Fig 2. Raw and quantified data from the initial set of Western blot experiments.

[A] An example set of raw data from Western blot experiments is shown in Fig 2A. Three PDGFRα mutants containing the D842V point mutation were investigated. One mutant contains no additional YF point mutation, i.e. wild type (DV-WT) while the other two contain either Y720F (DV-dMAPK) or YY731/742FF (DV-dPI3K) point mutations which abrogate the recruitment sites of upstream signalling molecule for MAPK and PI3K/AKT/mTOR pathways, respectively. These experimental conditions were combined with the treatment with two signalling inhibitors, i.e.
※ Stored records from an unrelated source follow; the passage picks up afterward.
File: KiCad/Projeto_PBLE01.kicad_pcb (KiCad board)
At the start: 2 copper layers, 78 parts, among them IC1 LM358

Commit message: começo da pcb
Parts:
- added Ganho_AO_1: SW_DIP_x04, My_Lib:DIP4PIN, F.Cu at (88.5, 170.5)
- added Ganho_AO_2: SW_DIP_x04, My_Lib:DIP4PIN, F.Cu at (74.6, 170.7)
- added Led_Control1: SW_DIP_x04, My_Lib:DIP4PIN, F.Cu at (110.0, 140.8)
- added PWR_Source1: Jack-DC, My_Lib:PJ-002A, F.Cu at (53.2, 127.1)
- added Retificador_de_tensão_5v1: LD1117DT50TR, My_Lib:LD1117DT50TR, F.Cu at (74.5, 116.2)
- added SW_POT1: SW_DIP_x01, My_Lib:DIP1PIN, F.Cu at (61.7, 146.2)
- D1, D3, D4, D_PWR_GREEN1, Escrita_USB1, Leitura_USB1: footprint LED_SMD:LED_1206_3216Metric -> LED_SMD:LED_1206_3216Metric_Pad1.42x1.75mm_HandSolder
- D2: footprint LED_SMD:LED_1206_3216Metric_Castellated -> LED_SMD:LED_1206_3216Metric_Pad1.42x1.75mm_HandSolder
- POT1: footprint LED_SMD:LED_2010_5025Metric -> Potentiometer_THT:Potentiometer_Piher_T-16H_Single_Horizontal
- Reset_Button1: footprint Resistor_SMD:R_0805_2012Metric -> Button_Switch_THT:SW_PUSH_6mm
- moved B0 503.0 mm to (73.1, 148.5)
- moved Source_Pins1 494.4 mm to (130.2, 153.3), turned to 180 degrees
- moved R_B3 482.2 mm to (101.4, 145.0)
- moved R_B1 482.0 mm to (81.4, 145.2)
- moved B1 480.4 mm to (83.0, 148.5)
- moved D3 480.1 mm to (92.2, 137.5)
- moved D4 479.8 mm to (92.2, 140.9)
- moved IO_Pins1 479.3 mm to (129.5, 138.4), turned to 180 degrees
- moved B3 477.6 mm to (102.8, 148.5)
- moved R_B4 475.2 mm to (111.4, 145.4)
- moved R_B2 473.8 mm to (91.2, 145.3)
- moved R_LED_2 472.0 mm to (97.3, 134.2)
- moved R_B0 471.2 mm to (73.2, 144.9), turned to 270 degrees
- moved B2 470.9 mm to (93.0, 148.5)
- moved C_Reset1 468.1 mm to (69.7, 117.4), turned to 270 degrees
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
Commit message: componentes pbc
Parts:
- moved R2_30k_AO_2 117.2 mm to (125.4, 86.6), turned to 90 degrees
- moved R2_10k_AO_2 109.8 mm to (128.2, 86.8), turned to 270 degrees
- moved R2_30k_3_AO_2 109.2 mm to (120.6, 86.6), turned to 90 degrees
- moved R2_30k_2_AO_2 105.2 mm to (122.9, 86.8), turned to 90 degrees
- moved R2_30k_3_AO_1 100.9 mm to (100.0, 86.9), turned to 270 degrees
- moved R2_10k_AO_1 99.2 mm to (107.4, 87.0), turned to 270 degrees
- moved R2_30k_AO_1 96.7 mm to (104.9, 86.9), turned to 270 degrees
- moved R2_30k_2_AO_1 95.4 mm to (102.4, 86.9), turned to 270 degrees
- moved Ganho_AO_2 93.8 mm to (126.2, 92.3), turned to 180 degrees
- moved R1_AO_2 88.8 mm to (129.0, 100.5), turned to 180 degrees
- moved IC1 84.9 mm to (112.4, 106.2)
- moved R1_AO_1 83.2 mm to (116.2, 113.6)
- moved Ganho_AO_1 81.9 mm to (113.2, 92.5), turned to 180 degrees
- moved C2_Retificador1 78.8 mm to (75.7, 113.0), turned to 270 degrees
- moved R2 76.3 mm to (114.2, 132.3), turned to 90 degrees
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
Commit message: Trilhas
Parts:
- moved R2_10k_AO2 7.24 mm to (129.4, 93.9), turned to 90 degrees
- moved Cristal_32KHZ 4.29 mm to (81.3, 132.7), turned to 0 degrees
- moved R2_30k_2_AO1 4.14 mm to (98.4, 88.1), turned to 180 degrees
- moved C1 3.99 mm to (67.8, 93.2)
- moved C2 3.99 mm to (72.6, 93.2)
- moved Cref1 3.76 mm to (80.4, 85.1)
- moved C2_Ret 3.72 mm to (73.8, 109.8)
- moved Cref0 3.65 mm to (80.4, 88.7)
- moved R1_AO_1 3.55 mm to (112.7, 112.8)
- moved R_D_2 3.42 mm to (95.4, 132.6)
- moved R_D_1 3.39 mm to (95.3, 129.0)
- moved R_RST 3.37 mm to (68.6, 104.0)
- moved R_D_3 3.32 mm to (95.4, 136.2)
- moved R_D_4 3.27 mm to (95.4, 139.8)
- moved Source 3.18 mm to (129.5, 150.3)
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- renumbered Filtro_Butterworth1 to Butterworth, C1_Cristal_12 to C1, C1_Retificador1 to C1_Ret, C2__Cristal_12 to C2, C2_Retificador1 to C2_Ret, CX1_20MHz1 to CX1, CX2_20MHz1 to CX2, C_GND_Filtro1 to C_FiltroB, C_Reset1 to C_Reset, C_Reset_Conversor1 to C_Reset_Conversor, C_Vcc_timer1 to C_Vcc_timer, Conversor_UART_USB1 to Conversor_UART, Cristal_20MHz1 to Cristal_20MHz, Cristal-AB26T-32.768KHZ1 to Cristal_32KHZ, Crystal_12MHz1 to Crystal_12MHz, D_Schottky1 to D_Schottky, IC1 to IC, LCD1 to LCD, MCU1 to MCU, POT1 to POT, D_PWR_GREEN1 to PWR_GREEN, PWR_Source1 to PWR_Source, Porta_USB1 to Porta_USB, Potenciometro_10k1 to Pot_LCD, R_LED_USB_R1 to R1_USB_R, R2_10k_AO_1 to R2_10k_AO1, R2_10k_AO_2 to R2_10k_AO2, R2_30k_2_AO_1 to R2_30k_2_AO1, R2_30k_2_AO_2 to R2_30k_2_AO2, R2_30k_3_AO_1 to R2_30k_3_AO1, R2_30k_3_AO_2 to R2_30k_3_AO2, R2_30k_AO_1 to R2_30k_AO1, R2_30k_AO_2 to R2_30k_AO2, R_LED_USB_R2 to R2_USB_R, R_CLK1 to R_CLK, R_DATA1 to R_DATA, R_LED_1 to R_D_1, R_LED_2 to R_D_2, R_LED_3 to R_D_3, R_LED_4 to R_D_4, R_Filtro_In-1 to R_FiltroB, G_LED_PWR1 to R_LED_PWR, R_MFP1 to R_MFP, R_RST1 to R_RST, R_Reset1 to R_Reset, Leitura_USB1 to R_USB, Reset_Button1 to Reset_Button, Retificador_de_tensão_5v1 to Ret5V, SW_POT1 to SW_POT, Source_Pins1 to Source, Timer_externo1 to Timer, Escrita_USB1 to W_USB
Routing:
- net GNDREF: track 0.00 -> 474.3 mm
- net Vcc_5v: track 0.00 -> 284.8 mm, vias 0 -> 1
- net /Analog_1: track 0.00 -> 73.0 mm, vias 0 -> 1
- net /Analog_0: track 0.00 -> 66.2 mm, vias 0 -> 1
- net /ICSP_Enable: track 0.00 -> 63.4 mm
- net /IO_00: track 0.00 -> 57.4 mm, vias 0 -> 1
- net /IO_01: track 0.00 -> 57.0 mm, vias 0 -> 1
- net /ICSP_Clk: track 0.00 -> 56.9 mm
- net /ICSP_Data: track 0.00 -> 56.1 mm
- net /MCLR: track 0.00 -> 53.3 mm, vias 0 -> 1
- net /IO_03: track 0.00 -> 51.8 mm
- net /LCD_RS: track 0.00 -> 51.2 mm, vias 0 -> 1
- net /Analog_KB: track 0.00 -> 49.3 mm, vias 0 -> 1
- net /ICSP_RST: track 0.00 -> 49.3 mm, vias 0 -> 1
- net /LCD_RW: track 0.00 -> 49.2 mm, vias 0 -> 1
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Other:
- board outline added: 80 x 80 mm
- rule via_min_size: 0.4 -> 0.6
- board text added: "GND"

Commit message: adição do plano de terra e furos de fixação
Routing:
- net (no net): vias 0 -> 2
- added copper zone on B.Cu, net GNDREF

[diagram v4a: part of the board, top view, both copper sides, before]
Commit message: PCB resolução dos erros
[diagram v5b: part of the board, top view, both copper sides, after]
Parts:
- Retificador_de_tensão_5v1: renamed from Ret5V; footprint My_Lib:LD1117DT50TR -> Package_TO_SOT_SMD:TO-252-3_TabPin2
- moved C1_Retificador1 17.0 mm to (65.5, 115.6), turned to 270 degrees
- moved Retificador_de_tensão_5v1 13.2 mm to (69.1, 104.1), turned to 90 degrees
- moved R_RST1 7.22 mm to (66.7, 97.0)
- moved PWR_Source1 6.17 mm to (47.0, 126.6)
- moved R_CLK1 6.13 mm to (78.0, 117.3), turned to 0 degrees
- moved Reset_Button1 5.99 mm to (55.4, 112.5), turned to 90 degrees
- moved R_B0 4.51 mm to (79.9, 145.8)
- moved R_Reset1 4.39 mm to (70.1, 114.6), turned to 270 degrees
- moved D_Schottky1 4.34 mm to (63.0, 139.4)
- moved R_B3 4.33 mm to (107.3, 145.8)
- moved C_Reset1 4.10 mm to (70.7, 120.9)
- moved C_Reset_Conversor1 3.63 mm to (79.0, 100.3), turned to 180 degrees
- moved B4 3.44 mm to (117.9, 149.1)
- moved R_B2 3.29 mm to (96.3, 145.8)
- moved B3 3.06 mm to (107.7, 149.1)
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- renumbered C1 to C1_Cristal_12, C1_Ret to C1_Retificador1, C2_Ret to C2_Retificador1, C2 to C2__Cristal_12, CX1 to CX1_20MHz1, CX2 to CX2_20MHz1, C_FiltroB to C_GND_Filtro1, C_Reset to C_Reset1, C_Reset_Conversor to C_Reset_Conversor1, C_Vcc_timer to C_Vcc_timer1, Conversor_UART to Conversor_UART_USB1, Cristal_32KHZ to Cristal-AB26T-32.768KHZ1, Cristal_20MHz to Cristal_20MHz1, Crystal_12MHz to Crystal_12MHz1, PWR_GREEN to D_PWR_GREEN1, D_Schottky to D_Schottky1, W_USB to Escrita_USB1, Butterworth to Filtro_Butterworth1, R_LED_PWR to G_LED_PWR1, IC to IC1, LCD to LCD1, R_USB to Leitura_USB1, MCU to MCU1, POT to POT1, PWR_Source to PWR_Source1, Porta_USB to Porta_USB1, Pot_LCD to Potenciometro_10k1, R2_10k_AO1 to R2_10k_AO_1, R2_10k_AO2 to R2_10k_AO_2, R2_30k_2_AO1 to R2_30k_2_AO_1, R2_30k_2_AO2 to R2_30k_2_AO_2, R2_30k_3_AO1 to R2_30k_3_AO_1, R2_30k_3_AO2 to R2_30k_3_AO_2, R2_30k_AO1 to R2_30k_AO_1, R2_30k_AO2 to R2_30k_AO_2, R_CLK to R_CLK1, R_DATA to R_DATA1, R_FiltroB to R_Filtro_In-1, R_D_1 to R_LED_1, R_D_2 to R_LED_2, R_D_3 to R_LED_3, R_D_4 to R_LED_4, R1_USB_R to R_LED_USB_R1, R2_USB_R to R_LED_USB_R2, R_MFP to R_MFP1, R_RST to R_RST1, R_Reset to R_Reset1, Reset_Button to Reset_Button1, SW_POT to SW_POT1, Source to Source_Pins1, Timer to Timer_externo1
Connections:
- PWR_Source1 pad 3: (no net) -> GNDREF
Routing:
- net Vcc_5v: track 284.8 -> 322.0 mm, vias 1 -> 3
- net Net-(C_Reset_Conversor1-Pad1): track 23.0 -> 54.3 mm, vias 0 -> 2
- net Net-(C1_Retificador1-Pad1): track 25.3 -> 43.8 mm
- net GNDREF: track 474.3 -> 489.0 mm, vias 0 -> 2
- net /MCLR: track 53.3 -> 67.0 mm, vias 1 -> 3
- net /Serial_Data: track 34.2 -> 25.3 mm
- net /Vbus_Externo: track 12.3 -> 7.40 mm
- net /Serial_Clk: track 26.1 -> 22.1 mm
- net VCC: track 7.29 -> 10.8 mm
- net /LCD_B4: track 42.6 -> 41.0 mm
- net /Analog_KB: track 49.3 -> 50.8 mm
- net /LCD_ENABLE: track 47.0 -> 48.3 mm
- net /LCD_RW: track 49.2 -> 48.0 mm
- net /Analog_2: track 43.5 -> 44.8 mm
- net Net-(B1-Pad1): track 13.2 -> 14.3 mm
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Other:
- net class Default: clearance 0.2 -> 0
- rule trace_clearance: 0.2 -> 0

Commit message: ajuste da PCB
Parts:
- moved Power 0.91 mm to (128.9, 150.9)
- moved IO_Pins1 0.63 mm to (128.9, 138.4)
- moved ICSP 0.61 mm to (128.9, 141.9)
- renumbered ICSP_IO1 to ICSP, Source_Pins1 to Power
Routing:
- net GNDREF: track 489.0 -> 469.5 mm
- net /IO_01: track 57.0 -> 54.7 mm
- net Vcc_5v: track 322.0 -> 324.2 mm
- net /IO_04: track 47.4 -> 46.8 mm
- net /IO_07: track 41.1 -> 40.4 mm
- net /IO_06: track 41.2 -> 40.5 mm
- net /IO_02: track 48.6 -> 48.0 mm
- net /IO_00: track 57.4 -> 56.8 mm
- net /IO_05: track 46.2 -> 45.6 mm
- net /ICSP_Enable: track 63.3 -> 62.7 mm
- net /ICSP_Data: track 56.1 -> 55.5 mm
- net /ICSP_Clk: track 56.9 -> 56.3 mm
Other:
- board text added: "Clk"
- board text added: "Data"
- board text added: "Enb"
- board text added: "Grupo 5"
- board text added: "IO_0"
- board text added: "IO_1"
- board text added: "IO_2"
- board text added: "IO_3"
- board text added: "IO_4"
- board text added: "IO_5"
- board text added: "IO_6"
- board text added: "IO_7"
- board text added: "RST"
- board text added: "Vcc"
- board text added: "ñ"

Wortmannin (W) [1 μM], which mainly inhibits PI3K, and U0126 (U) [10 μM], which mainly inhibits MEK1,2. Doxycycline is used to induce the transcription of the constitutively phosphorylated PDGFRα mutants. The experiment was performed in 3 biological replicates with 3 technical replicates. The signals from the calibrator sample (C) derived from the induced DV-WT cell line in an early passage were applied to calibrate relative intensities between Western blots. [B] The summarised quantified Western blot data are shown in Fig 2B. The signals were normalised against tubulin and subsequently calibrated by the calibrator signals. The normalised mean of technical triplicates from each biological replicate were pooled and re-normalised to the maximal value to generate the final mean and standard deviation values for modelling task. The significances between two data points were assessed with the Student’s T-test; p-value < 0.05 (*) and p-value < 0.01 (**).